• **Instructions for the task**
Please copy exactly the lines that run from the start of the entries to the line containing "(10.5367255337, -0.497431438), [])]", inclusive.

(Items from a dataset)

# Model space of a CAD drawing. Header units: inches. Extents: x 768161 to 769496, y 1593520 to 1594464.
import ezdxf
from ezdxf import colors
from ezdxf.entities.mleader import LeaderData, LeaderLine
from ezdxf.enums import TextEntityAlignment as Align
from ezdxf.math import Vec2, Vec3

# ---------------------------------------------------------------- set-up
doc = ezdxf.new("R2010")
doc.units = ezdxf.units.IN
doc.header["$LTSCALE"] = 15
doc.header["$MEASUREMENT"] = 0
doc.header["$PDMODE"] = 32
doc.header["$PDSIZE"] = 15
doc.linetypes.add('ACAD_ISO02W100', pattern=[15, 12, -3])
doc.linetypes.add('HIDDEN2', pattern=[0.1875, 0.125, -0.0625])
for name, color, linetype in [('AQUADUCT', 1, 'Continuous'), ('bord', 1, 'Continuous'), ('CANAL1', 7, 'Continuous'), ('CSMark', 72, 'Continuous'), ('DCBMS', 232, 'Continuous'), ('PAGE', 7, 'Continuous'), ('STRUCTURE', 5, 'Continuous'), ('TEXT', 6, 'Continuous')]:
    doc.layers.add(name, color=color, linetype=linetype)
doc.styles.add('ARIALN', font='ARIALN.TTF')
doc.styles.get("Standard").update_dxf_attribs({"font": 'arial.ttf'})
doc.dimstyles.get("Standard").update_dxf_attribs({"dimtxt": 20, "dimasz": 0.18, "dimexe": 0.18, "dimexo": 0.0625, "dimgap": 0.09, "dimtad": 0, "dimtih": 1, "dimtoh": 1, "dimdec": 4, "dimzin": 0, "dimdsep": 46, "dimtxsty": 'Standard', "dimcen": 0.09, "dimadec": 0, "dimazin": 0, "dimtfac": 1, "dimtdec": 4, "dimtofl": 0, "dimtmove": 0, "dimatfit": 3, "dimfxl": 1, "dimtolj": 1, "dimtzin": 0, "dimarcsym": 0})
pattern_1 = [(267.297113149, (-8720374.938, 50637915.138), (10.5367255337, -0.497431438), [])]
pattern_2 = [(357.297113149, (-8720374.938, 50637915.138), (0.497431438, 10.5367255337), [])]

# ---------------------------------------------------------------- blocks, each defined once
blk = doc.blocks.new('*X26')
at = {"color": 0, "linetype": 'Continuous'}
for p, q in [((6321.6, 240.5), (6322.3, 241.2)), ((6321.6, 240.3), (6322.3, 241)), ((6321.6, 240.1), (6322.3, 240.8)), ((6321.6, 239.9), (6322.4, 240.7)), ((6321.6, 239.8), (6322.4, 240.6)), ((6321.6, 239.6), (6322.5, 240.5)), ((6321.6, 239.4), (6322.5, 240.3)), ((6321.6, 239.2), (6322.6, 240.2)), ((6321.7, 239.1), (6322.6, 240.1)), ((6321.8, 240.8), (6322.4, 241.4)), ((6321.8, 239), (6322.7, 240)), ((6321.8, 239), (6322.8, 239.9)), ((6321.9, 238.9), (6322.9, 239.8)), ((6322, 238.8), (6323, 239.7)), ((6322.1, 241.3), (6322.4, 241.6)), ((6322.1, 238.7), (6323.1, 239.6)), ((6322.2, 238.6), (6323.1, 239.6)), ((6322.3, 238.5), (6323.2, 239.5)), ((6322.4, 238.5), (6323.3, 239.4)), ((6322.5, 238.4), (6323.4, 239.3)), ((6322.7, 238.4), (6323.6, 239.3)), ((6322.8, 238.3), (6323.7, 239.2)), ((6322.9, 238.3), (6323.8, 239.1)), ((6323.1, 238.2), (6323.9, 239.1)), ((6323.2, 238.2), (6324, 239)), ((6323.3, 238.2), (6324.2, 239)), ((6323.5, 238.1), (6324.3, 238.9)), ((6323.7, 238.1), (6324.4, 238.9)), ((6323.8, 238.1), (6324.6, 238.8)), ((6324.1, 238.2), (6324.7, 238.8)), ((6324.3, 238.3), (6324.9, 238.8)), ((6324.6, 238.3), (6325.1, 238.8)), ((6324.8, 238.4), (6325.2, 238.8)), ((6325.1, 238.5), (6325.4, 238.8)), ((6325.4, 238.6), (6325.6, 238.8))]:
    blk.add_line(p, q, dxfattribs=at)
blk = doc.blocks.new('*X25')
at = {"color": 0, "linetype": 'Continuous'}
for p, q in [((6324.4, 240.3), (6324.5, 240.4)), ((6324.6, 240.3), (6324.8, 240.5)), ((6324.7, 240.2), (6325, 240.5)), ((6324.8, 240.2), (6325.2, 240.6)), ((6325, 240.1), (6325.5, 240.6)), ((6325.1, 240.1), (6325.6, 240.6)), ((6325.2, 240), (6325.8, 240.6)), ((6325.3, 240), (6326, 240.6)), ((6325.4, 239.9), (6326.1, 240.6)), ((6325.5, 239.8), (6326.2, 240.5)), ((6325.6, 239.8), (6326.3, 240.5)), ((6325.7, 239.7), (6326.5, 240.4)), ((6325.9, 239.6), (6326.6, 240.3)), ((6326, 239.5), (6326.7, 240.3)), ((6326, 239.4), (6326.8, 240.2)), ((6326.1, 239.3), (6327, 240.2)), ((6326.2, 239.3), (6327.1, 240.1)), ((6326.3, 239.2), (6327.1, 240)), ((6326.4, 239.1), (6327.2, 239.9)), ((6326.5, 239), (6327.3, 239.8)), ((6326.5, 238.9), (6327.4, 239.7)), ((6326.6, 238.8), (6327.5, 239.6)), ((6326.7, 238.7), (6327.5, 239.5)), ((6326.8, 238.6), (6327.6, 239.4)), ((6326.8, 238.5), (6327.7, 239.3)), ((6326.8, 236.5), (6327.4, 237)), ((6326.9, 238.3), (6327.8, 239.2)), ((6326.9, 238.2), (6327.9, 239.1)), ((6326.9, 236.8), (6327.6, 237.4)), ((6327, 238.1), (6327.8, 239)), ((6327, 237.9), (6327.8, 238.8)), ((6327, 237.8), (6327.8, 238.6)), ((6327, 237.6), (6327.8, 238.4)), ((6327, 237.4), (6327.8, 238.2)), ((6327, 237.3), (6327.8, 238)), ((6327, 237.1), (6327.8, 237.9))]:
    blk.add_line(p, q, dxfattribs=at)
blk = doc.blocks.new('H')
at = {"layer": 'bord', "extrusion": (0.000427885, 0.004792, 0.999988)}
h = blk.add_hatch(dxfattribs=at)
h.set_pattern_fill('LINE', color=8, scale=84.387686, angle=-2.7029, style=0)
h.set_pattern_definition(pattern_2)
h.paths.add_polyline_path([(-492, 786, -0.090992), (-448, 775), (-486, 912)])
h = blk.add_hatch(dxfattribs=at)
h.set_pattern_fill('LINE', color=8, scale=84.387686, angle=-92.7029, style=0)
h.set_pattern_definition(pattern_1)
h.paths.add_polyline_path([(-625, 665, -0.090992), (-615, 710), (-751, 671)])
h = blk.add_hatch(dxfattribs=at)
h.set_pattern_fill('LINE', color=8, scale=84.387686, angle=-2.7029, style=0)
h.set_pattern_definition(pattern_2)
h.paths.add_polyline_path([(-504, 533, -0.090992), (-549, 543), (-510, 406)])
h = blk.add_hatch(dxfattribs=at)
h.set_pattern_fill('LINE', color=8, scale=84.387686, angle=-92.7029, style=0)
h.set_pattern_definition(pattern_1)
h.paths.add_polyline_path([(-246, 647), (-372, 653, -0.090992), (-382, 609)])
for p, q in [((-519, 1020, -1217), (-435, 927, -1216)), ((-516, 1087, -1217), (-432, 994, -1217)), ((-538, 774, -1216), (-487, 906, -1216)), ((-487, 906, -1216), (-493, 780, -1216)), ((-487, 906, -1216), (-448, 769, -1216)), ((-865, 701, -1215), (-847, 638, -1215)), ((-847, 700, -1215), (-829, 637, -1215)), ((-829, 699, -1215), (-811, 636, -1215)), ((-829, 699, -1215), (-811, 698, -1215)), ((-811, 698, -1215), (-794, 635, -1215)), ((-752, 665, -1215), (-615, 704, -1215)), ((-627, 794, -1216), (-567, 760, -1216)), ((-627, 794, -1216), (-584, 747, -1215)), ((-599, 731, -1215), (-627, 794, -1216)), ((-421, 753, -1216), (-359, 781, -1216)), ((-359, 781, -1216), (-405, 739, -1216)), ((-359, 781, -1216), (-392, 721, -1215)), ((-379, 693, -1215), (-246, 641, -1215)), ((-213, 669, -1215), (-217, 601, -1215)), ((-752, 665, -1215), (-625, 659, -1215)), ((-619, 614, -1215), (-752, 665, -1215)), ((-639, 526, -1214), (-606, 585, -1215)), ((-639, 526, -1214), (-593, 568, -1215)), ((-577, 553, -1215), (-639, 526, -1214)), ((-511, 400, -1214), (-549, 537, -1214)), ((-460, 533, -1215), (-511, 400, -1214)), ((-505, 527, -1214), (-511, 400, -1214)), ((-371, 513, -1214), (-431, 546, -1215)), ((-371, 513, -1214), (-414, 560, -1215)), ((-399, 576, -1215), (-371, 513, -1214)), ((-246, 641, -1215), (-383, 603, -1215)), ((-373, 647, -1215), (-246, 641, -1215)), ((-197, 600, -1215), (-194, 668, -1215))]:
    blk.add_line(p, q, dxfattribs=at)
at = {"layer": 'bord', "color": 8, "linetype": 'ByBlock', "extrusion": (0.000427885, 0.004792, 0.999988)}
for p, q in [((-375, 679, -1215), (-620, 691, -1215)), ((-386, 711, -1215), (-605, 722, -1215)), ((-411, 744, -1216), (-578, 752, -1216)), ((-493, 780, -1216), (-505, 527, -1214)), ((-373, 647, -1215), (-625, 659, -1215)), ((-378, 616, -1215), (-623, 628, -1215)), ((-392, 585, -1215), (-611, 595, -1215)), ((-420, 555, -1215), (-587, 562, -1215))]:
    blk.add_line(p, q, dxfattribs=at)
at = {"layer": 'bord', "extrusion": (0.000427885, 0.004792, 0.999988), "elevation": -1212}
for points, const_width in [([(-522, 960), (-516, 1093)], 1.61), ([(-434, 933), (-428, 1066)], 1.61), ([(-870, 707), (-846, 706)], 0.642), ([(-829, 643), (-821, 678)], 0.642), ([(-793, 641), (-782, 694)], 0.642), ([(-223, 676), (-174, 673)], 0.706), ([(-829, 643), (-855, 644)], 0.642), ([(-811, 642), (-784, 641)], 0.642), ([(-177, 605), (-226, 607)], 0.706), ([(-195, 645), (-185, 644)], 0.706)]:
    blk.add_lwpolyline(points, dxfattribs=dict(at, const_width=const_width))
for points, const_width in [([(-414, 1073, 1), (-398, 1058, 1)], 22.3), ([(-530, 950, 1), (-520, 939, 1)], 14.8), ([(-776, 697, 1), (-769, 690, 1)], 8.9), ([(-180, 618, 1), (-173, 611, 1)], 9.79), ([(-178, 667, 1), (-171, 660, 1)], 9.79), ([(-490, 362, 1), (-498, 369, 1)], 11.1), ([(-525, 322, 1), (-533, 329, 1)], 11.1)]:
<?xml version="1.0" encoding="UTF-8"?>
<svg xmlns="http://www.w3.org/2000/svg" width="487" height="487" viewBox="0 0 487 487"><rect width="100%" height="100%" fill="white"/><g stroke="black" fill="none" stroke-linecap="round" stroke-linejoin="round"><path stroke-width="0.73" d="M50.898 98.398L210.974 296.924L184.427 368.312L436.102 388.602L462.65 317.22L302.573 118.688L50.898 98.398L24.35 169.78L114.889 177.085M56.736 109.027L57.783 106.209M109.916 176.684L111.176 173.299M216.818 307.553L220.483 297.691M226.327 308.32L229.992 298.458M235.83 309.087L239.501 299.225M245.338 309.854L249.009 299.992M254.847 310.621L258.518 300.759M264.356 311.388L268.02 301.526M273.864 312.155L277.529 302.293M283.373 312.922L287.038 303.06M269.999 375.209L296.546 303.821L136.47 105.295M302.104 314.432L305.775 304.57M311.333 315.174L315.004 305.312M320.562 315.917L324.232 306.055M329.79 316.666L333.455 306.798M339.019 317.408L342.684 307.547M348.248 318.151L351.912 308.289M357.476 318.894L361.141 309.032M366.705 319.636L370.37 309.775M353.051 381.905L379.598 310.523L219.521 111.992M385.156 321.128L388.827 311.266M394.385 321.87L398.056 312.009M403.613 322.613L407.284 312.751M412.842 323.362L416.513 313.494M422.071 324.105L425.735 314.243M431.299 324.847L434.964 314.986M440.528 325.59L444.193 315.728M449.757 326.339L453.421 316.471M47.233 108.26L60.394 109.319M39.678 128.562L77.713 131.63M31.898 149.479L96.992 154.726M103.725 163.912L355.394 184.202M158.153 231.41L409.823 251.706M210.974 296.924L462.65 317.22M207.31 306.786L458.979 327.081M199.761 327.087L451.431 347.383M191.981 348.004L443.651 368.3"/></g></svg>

• **Solution for this exercise**
# Model space of a CAD drawing. Header units: inches. Extents: x 768161 to 769496, y 1593520 to 1594464.
import ezdxf
from ezdxf import colors
from ezdxf.entities.mleader import LeaderData, LeaderLine
from ezdxf.enums import TextEntityAlignment as Align
from ezdxf.math import Vec2, Vec3

# ---------------------------------------------------------------- set-up
doc = ezdxf.new("R2010")
doc.units = ezdxf.units.IN
doc.header["$LTSCALE"] = 15
doc.header["$MEASUREMENT"] = 0
doc.header["$PDMODE"] = 32
doc.header["$PDSIZE"] = 15
doc.linetypes.add('ACAD_ISO02W100', pattern=[15, 12, -3])
doc.linetypes.add('HIDDEN2', pattern=[0.1875, 0.125, -0.0625])
for name, color, linetype in [('AQUADUCT', 1, 'Continuous'), ('bord', 1, 'Continuous'), ('CANAL1', 7, 'Continuous'), ('CSMark', 72, 'Continuous'), ('DCBMS', 232, 'Continuous'), ('PAGE', 7, 'Continuous'), ('STRUCTURE', 5, 'Continuous'), ('TEXT', 6, 'Continuous')]:
    doc.layers.add(name, color=color, linetype=linetype)
doc.styles.add('ARIALN', font='ARIALN.TTF')
doc.styles.get("Standard").update_dxf_attribs({"font": 'arial.ttf'})
doc.dimstyles.get("Standard").update_dxf_attribs({"dimtxt": 20, "dimasz": 0.18, "dimexe": 0.18, "dimexo": 0.0625, "dimgap": 0.09, "dimtad": 0, "dimtih": 1, "dimtoh": 1, "dimdec": 4, "dimzin": 0, "dimdsep": 46, "dimtxsty": 'Standard', "dimcen": 0.09, "dimadec": 0, "dimazin": 0, "dimtfac": 1, "dimtdec": 4, "dimtofl": 0, "dimtmove": 0, "dimatfit": 3, "dimfxl": 1, "dimtolj": 1, "dimtzin": 0, "dimarcsym": 0})
pattern_1 = [(267.297113149, (-8720374.938, 50637915.138), (10.5367255337, -0.497431438), [])]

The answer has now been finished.